Text is one of the most important information carriers in human society and is a necessary part of people's lives. Text detection in images has important applications in many aspects, such as intelligent traffic, recognizing road signs and slogans. Used for information extraction, automatic recognition of text in natural scenes can save a lot of resources and protect customer privacy.

In the early days, text detection was usually extracted manually, but in the era of deep learning, features are usually extracted automatically using neural networks. This has greatly improved efficiency and simplified the workflow.
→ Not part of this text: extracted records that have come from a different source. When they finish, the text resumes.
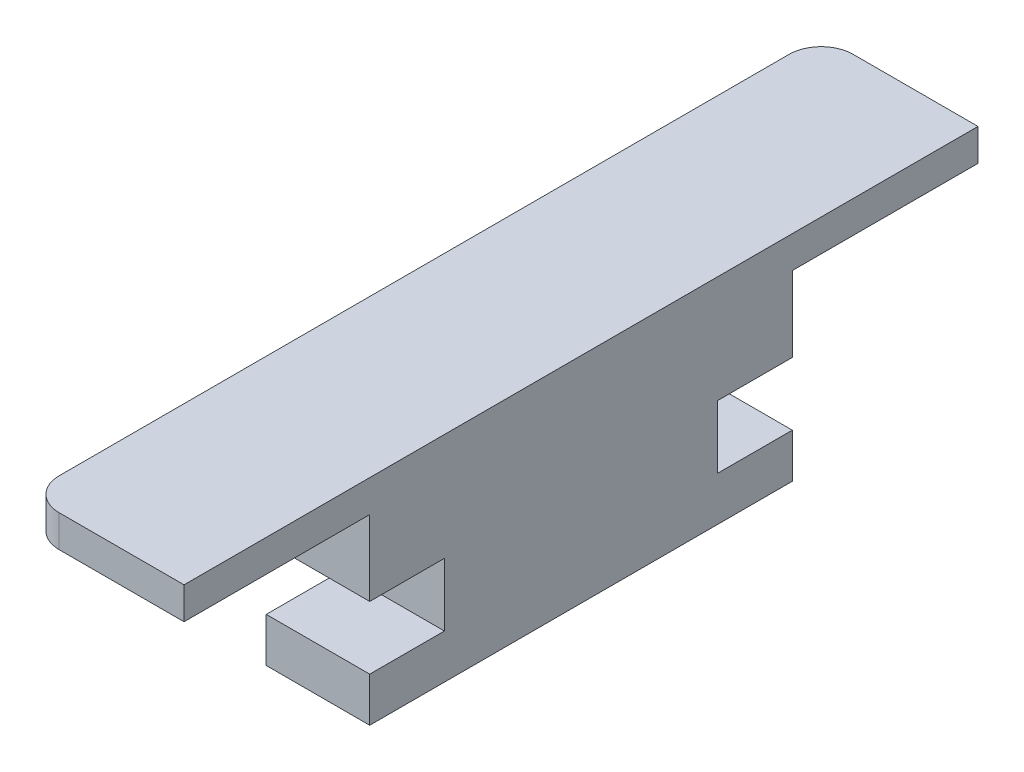
ISO-10303-21;
HEADER;
FILE_DESCRIPTION(('STEP AP214'),'2;1');
FILE_NAME('part.step','',(''),(''),'','','');
FILE_SCHEMA(('AUTOMOTIVE_DESIGN { 1 0 10303 214 1 1 1 1 }'));
ENDSEC;
DATA;
#1=APPLICATION_CONTEXT('core data for automotive mechanical design processes');
#2=APPLICATION_PROTOCOL_DEFINITION('international standard','automotive_design',2000,#1);
#3=PRODUCT_CONTEXT('',#1,'mechanical');
#4=PRODUCT('Part','Part','',(#3));
#5=PRODUCT_RELATED_PRODUCT_CATEGORY('part','',(#4));
#6=PRODUCT_DEFINITION_FORMATION('','',#4);
#7=PRODUCT_DEFINITION_CONTEXT('part definition',#1,'design');
#8=PRODUCT_DEFINITION('design','',#6,#7);
#9=PRODUCT_DEFINITION_SHAPE('','',#8);
#10=(LENGTH_UNIT() NAMED_UNIT(*) SI_UNIT(.MILLI.,.METRE.));
#11=(NAMED_UNIT(*) PLANE_ANGLE_UNIT() SI_UNIT($,.RADIAN.));
#12=(NAMED_UNIT(*) SI_UNIT($,.STERADIAN.) SOLID_ANGLE_UNIT());
#13=UNCERTAINTY_MEASURE_WITH_UNIT(LENGTH_MEASURE(1.E-05),#10,'distance_accuracy_value','');
#14=(GEOMETRIC_REPRESENTATION_CONTEXT(3) GLOBAL_UNCERTAINTY_ASSIGNED_CONTEXT((#13)) GLOBAL_UNIT_ASSIGNED_CONTEXT((#10,
#11,#12)) REPRESENTATION_CONTEXT('',''));
#15=CARTESIAN_POINT('',(0.,0.,0.));
#16=DIRECTION('',(0.,0.,1.));
#17=DIRECTION('',(1.,0.,0.));
#18=AXIS2_PLACEMENT_3D('',#15,#16,#17);
#19=CARTESIAN_POINT('',(10.7056774565792,15.3,0.));
#20=DIRECTION('',(-1.,0.,0.));
#21=DIRECTION('',(0.,0.,1.));
#22=AXIS2_PLACEMENT_3D('',#19,#20,#21);
#23=PLANE('',#22);
#24=DIRECTION('',(0.,0.,1.));
#25=VECTOR('',#24,1.);
#26=CARTESIAN_POINT('',(10.7056774565792,0.200000000000001,0.));
#27=LINE('',#26,#25);
#28=CARTESIAN_POINT('',(10.7056774565792,0.2,-32.884960149613));
#29=VERTEX_POINT('',#28);
#30=CARTESIAN_POINT('',(10.7056774565792,0.2,6.71503985038701));
#31=VERTEX_POINT('',#30);
#32=EDGE_CURVE('E236',#29,#31,#27,.T.);
#33=ORIENTED_EDGE('',*,*,#32,.F.);
#34=DIRECTION('',(0.,-1.,0.));
#35=VECTOR('',#34,1.);
#36=CARTESIAN_POINT('',(10.7056774565792,15.3,-32.884960149613));
#37=LINE('',#36,#35);
#38=CARTESIAN_POINT('',(10.7056774565792,4.35,-32.884960149613));
#39=VERTEX_POINT('',#38);
#40=EDGE_CURVE('E215',#39,#29,#37,.T.);
#41=ORIENTED_EDGE('',*,*,#40,.F.);
#42=DIRECTION('',(0.,0.,-1.));
#43=VECTOR('',#42,1.);
#44=CARTESIAN_POINT('',(10.7056774565792,4.35,-26.169920299226));
#45=LINE('',#44,#43);
#46=CARTESIAN_POINT('',(10.7056774565792,4.35,-25.884960149613));
#47=VERTEX_POINT('',#46);
#48=EDGE_CURVE('E201',#47,#39,#45,.T.);
#49=ORIENTED_EDGE('',*,*,#48,.F.);
#50=DIRECTION('',(0.,-1.,0.));
#51=VECTOR('',#50,1.);
#52=CARTESIAN_POINT('',(10.7056774565792,15.3,-25.884960149613));
#53=LINE('',#52,#51);
#54=CARTESIAN_POINT('',(10.7056774565792,10.25,-25.884960149613));
#55=VERTEX_POINT('',#54);
#56=EDGE_CURVE('E212',#55,#47,#53,.T.);
#57=ORIENTED_EDGE('',*,*,#56,.F.);
#58=DIRECTION('',(0.,0.,1.));
#59=VECTOR('',#58,1.);
#60=CARTESIAN_POINT('',(10.7056774565792,10.25,-26.169920299226));
#61=LINE('',#60,#59);
#62=CARTESIAN_POINT('',(10.7056774565792,10.25,-32.884960149613));
#63=VERTEX_POINT('',#62);
#64=EDGE_CURVE('E209',#63,#55,#61,.T.);
#65=ORIENTED_EDGE('',*,*,#64,.F.);
#66=CARTESIAN_POINT('',(10.7056774565792,17.3,-32.884960149613));
#67=VERTEX_POINT('',#66);
#68=EDGE_CURVE('E216',#67,#63,#37,.T.);
#69=ORIENTED_EDGE('',*,*,#68,.F.);
#70=DIRECTION('',(0.,0.,-1.));
#71=VECTOR('',#70,1.);
#72=CARTESIAN_POINT('',(10.7056774565792,17.3,24.115039850387));
#73=LINE('',#72,#71);
#74=CARTESIAN_POINT('',(10.7056774565792,17.3,-50.284960149613));
#75=VERTEX_POINT('',#74);
#76=EDGE_CURVE('E54',#67,#75,#73,.T.);
#77=ORIENTED_EDGE('',*,*,#76,.T.);
#78=DIRECTION('',(0.,-1.,0.));
#79=VECTOR('',#78,1.);
#80=CARTESIAN_POINT('',(10.7056774565792,0.,-50.284960149613));
#81=LINE('',#80,#79);
#82=CARTESIAN_POINT('',(10.7056774565792,20.3,-50.284960149613));
#83=VERTEX_POINT('',#82);
#84=EDGE_CURVE('E11',#83,#75,#81,.T.);
#85=ORIENTED_EDGE('',*,*,#84,.F.);
#86=DIRECTION('',(0.,0.,1.));
#87=VECTOR('',#86,1.);
#88=CARTESIAN_POINT('',(10.7056774565792,20.3,24.115039850387));
#89=LINE('',#88,#87);
#90=CARTESIAN_POINT('',(10.7056774565792,20.3,24.115039850387));
#91=VERTEX_POINT('',#90);
#92=EDGE_CURVE('E162',#83,#91,#89,.T.);
#93=ORIENTED_EDGE('',*,*,#92,.T.);
#94=DIRECTION('',(0.,1.,0.));
#95=VECTOR('',#94,1.);
#96=CARTESIAN_POINT('',(10.7056774565792,0.,24.115039850387));
#97=LINE('',#96,#95);
#98=CARTESIAN_POINT('',(10.7056774565792,17.3,24.115039850387));
#99=VERTEX_POINT('',#98);
#100=EDGE_CURVE('E305',#99,#91,#97,.T.);
#101=ORIENTED_EDGE('',*,*,#100,.F.);
#102=CARTESIAN_POINT('',(10.7056774565792,17.3,6.71503985038701));
#103=VERTEX_POINT('',#102);
#104=EDGE_CURVE('E307',#99,#103,#73,.T.);
#105=ORIENTED_EDGE('',*,*,#104,.T.);
#106=DIRECTION('',(0.,-1.,0.));
#107=VECTOR('',#106,1.);
#108=CARTESIAN_POINT('',(10.7056774565792,15.3,6.71503985038701));
#109=LINE('',#108,#107);
#110=CARTESIAN_POINT('',(10.7056774565792,10.25,6.71503985038701));
#111=VERTEX_POINT('',#110);
#112=EDGE_CURVE('E280',#103,#111,#109,.T.);
#113=ORIENTED_EDGE('',*,*,#112,.T.);
#114=DIRECTION('',(0.,0.,-1.));
#115=VECTOR('',#114,1.);
#116=CARTESIAN_POINT('',(10.7056774565792,10.25,0.));
#117=LINE('',#116,#115);
#118=CARTESIAN_POINT('',(10.7056774565792,10.25,-0.284960149612992));
#119=VERTEX_POINT('',#118);
#120=EDGE_CURVE('E273',#111,#119,#117,.T.);
#121=ORIENTED_EDGE('',*,*,#120,.T.);
#122=DIRECTION('',(0.,-1.,0.));
#123=VECTOR('',#122,1.);
#124=CARTESIAN_POINT('',(10.7056774565792,15.3,-0.284960149612992));
#125=LINE('',#124,#123);
#126=CARTESIAN_POINT('',(10.7056774565792,4.35,-0.284960149612992));
#127=VERTEX_POINT('',#126);
#128=EDGE_CURVE('E276',#119,#127,#125,.T.);
#129=ORIENTED_EDGE('',*,*,#128,.T.);
#130=DIRECTION('',(0.,0.,1.));
#131=VECTOR('',#130,1.);
#132=CARTESIAN_POINT('',(10.7056774565792,4.35,0.));
#133=LINE('',#132,#131);
#134=CARTESIAN_POINT('',(10.7056774565792,4.35,6.71503985038701));
#135=VERTEX_POINT('',#134);
#136=EDGE_CURVE('E263',#127,#135,#133,.T.);
#137=ORIENTED_EDGE('',*,*,#136,.T.);
#138=EDGE_CURVE('E279',#135,#31,#109,.T.);
#139=ORIENTED_EDGE('',*,*,#138,.T.);
#140=EDGE_LOOP('',(#33,#41,#49,#57,#65,#69,#77,#85,#93,#101,#105,#113,#121,#129,#137,#139));
#141=FACE_BOUND('',#140,.T.);
#142=ADVANCED_FACE('F39',(#141),#23,.F.);
#143=CARTESIAN_POINT('',(1.00567745657921,15.3,0.));
#144=DIRECTION('',(-1.,0.,0.));
#145=DIRECTION('',(0.,0.,1.));
#146=AXIS2_PLACEMENT_3D('',#143,#144,#145);
#147=PLANE('',#146);
#148=DIRECTION('',(0.,0.,1.));
#149=VECTOR('',#148,1.);
#150=CARTESIAN_POINT('',(1.00567745657921,17.3,24.115039850387));
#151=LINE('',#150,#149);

Mainstream text detection is divided into two ways, one is to first detect the text with generic object detection and then identify the text content, including image pre-processing, feature representation, sequence modeling (or character segmentation recognition), and prediction. Among the representative algorithms are [47] and others. And one is the end-to-end recognition approach, in which text detection and text recognition were previously divided into two separate problems, while end-to-end systems unite them into one, and recently, building real-time and efficient end-to-end systems has become a new trend in the community [48].

6 Conclusions

This paper reviewed the evolution of object detection, focusing on the contribution of deep learning-based object detection to the industry and research development, as well as comparing its advantages and where it has advanced compared to traditional approaches. The architecture of landmark backbone networks for target detection, such as AlexNet, VGG, GoogleNet, and ResNet was analyzed. Deep learning-based target detection algorithms such as R-CNN, Fast R-CNN, and Faster R-CNN were summarized and reviewed, and their differences from traditional object detection algorithms are analyzed and their characteristics were compared. The architectures of One Stage algorithms YOLO and SSD were concisely outlined, and their advantages and disadvantages were compared with Two Stage algorithms, and their operational effects were illustrated. Four major datasets in the field of object detection were introduced and the evaluation criteria of the models were parsed. Finally, a summary of the classic applications in target detection.